Carbon dioxide (CO2) enters the oceans at the surface, where phytoplankton use solar energy and CO2 from the atmosphere in photosynthesis to produce organic molecules. Phytoplankton are eaten by zooplankton, particularly salps, which then incorporate the carbon into their own tissues. When zooplankton excrete waste or die, this carbon sinks to the depths of the ocean and can be stored there, sometimes for millions of years, in benthic sediments. This means that this carbon is effectively removed from the atmosphere during this period.

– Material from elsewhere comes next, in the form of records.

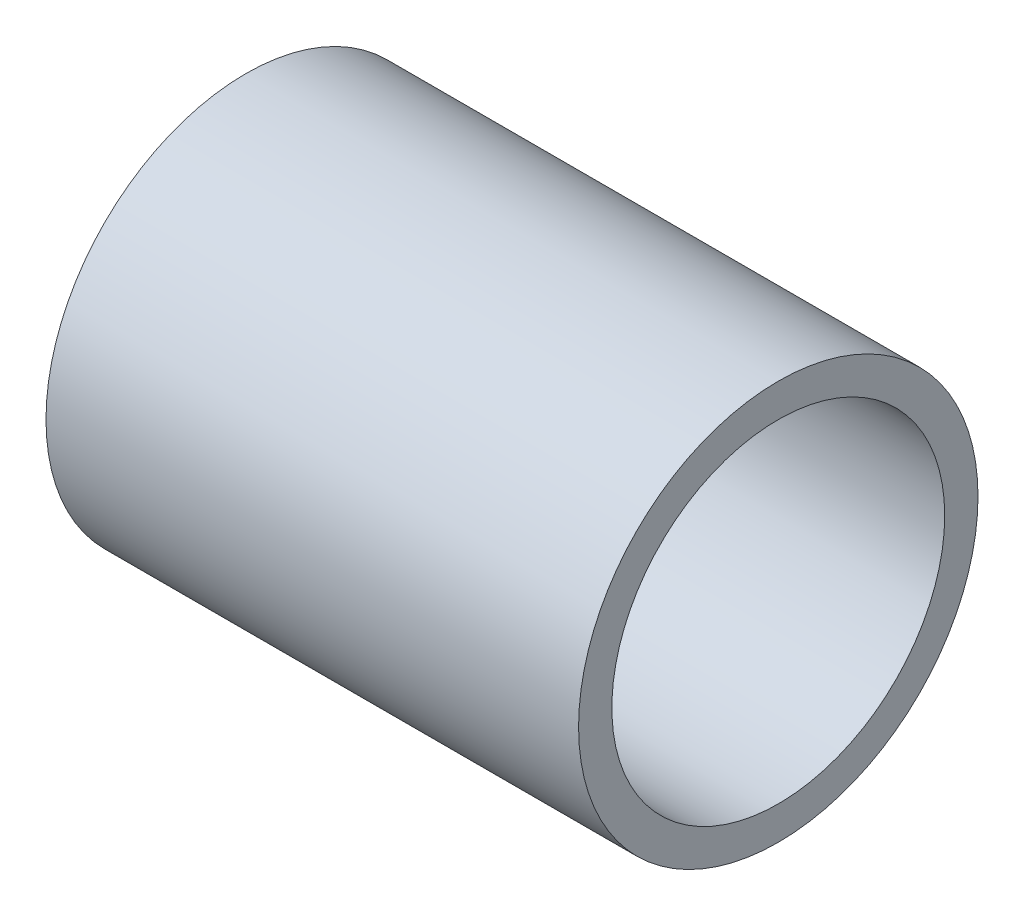
ISO-10303-21;
HEADER;
FILE_DESCRIPTION(('STEP AP214'),'2;1');
FILE_NAME('part.step','',(''),(''),'','','');
FILE_SCHEMA(('AUTOMOTIVE_DESIGN { 1 0 10303 214 1 1 1 1 }'));
ENDSEC;
DATA;
#1=APPLICATION_CONTEXT('core data for automotive mechanical design processes');
#2=APPLICATION_PROTOCOL_DEFINITION('international standard','automotive_design',2000,#1);
#3=PRODUCT_CONTEXT('',#1,'mechanical');
#4=PRODUCT('Part','Part','',(#3));
#5=PRODUCT_RELATED_PRODUCT_CATEGORY('part','',(#4));
#6=PRODUCT_DEFINITION_FORMATION('','',#4);
#7=PRODUCT_DEFINITION_CONTEXT('part definition',#1,'design');
#8=PRODUCT_DEFINITION('design','',#6,#7);
#9=PRODUCT_DEFINITION_SHAPE('','',#8);
#10=(LENGTH_UNIT() NAMED_UNIT(*) SI_UNIT(.MILLI.,.METRE.));
#11=(NAMED_UNIT(*) PLANE_ANGLE_UNIT() SI_UNIT($,.RADIAN.));
#12=(NAMED_UNIT(*) SI_UNIT($,.STERADIAN.) SOLID_ANGLE_UNIT());
#13=UNCERTAINTY_MEASURE_WITH_UNIT(LENGTH_MEASURE(1.E-05),#10,'distance_accuracy_value','');
#14=(GEOMETRIC_REPRESENTATION_CONTEXT(3) GLOBAL_UNCERTAINTY_ASSIGNED_CONTEXT((#13)) GLOBAL_UNIT_ASSIGNED_CONTEXT((#10,
#11,#12)) REPRESENTATION_CONTEXT('',''));
#15=CARTESIAN_POINT('',(0.,0.,0.));
#16=DIRECTION('',(0.,0.,1.));
#17=DIRECTION('',(1.,0.,0.));
#18=AXIS2_PLACEMENT_3D('',#15,#16,#17);
#19=CARTESIAN_POINT('',(-12.7,9.525,0.));
#20=DIRECTION('',(-1.,0.,0.));
#21=DIRECTION('',(0.,0.,1.));
#22=AXIS2_PLACEMENT_3D('',#19,#20,#21);
#23=PLANE('',#22);
#24=CARTESIAN_POINT('',(-12.7,0.,0.));
#25=DIRECTION('',(1.,0.,0.));
#26=DIRECTION('',(0.,0.,-1.));
#27=AXIS2_PLACEMENT_3D('',#24,#25,#26);
#28=CIRCLE('',#27,7.93749999999999);
#29=CARTESIAN_POINT('',(-12.7,0.,-7.93749999999999));
#30=VERTEX_POINT('',#29);
#31=EDGE_CURVE('E10',#30,#30,#28,.T.);
#32=ORIENTED_EDGE('',*,*,#31,.T.);
#33=EDGE_LOOP('',(#32));
#34=FACE_BOUND('',#33,.T.);
#35=CARTESIAN_POINT('',(-12.7,0.,0.));
#36=DIRECTION('',(1.,0.,0.));
#37=DIRECTION('',(0.,0.,-1.));
#38=AXIS2_PLACEMENT_3D('',#35,#36,#37);
#39=CIRCLE('',#38,9.525);
#40=CARTESIAN_POINT('',(-12.7,0.,-9.525));
#41=VERTEX_POINT('',#40);
#42=EDGE_CURVE('E44',#41,#41,#39,.T.);
#43=ORIENTED_EDGE('',*,*,#42,.F.);
#44=EDGE_LOOP('',(#43));
#45=FACE_BOUND('',#44,.T.);
#46=ADVANCED_FACE('F30',(#34,#45),#23,.T.);
#47=CARTESIAN_POINT('',(12.5969669950841,0.,0.));
#48=DIRECTION('',(1.,0.,0.));
#49=DIRECTION('',(0.,0.,-1.));
#50=AXIS2_PLACEMENT_3D('',#47,#48,#49);
#51=CYLINDRICAL_SURFACE('',#50,7.9375);
#52=CARTESIAN_POINT('',(12.7,0.,0.));
#53=DIRECTION('',(1.,0.,0.));
#54=DIRECTION('',(0.,0.,-1.));
#55=AXIS2_PLACEMENT_3D('',#52,#53,#54);
#56=CIRCLE('',#55,7.9375);
#57=CARTESIAN_POINT('',(12.7,0.,-7.9375));
#58=VERTEX_POINT('',#57);
#59=EDGE_CURVE('E36',#58,#58,#56,.T.);
#60=ORIENTED_EDGE('',*,*,#59,.T.);
#61=EDGE_LOOP('',(#60));
#62=FACE_BOUND('',#61,.T.);
#63=ORIENTED_EDGE('',*,*,#31,.F.);
#64=EDGE_LOOP('',(#63));
#65=FACE_BOUND('',#64,.T.);
#66=ADVANCED_FACE('F54',(#62,#65),#51,.F.);
#67=CARTESIAN_POINT('',(12.7,9.525,0.));
#68=DIRECTION('',(1.,0.,0.));
#69=DIRECTION('',(0.,0.,-1.));
#70=AXIS2_PLACEMENT_3D('',#67,#68,#69);
#71=PLANE('',#70);
#72=CARTESIAN_POINT('',(12.7,0.,0.));
#73=DIRECTION('',(1.,0.,0.));
#74=DIRECTION('',(0.,0.,-1.));
#75=AXIS2_PLACEMENT_3D('',#72,#73,#74);
#76=CIRCLE('',#75,9.525);
#77=CARTESIAN_POINT('',(12.7,0.,-9.525));
#78=VERTEX_POINT('',#77);
#79=EDGE_CURVE('E40',#78,#78,#76,.T.);
#80=ORIENTED_EDGE('',*,*,#79,.T.);
#81=EDGE_LOOP('',(#80));
#82=FACE_BOUND('',#81,.T.);
#83=ORIENTED_EDGE('',*,*,#59,.F.);
#84=EDGE_LOOP('',(#83));
#85=FACE_BOUND('',#84,.T.);
#86=ADVANCED_FACE('F58',(#82,#85),#71,.T.);
#87=CARTESIAN_POINT('',(12.5969669950841,0.,0.));
#88=DIRECTION('',(1.,0.,0.));
#89=DIRECTION('',(0.,0.,-1.));
#90=AXIS2_PLACEMENT_3D('',#87,#88,#89);
#91=CYLINDRICAL_SURFACE('',#90,9.525);
#92=ORIENTED_EDGE('',*,*,#42,.T.);
#93=EDGE_LOOP('',(#92));
#94=FACE_BOUND('',#93,.T.);
#95=ORIENTED_EDGE('',*,*,#79,.F.);
#96=EDGE_LOOP('',(#95));
#97=FACE_BOUND('',#96,.T.);
#98=ADVANCED_FACE('F50',(#94,#97),#91,.T.);
#99=CLOSED_SHELL('',(#46,#66,#86,#98));
#100=MANIFOLD_SOLID_BREP('B2',#99);
#101=ADVANCED_BREP_SHAPE_REPRESENTATION('',(#18,#100),#14);
#102=SHAPE_DEFINITION_REPRESENTATION(#9,#101);
ENDSEC;
END-ISO-10303-21;

During a month-long EXPORTS expedition to the Northeast Pacific in 2018, Dr. Deborah Steinberg of William & Mary’s Virginia Institute of Marine Science and her colleagues looked at a large, rarely studied salp flower (Salpa aspera). These creatures have the ability to respond to favorable environmental conditions by multiplying very quickly and forming huge flowers called swarms. Swarms of salps often go unnoticed because they do not survive for long: a salp can only live for a few weeks. The result is that the role of these “jelly barrels” in carbon movement is rarely considered in PCA measurements or models.
“Salps follow a ‘bloom or bust’ life cycle, with populations naturally patchy in space and time. “It is therefore difficult to observe or model their contribution to carbon export to the deep sea,” explains Steinberg.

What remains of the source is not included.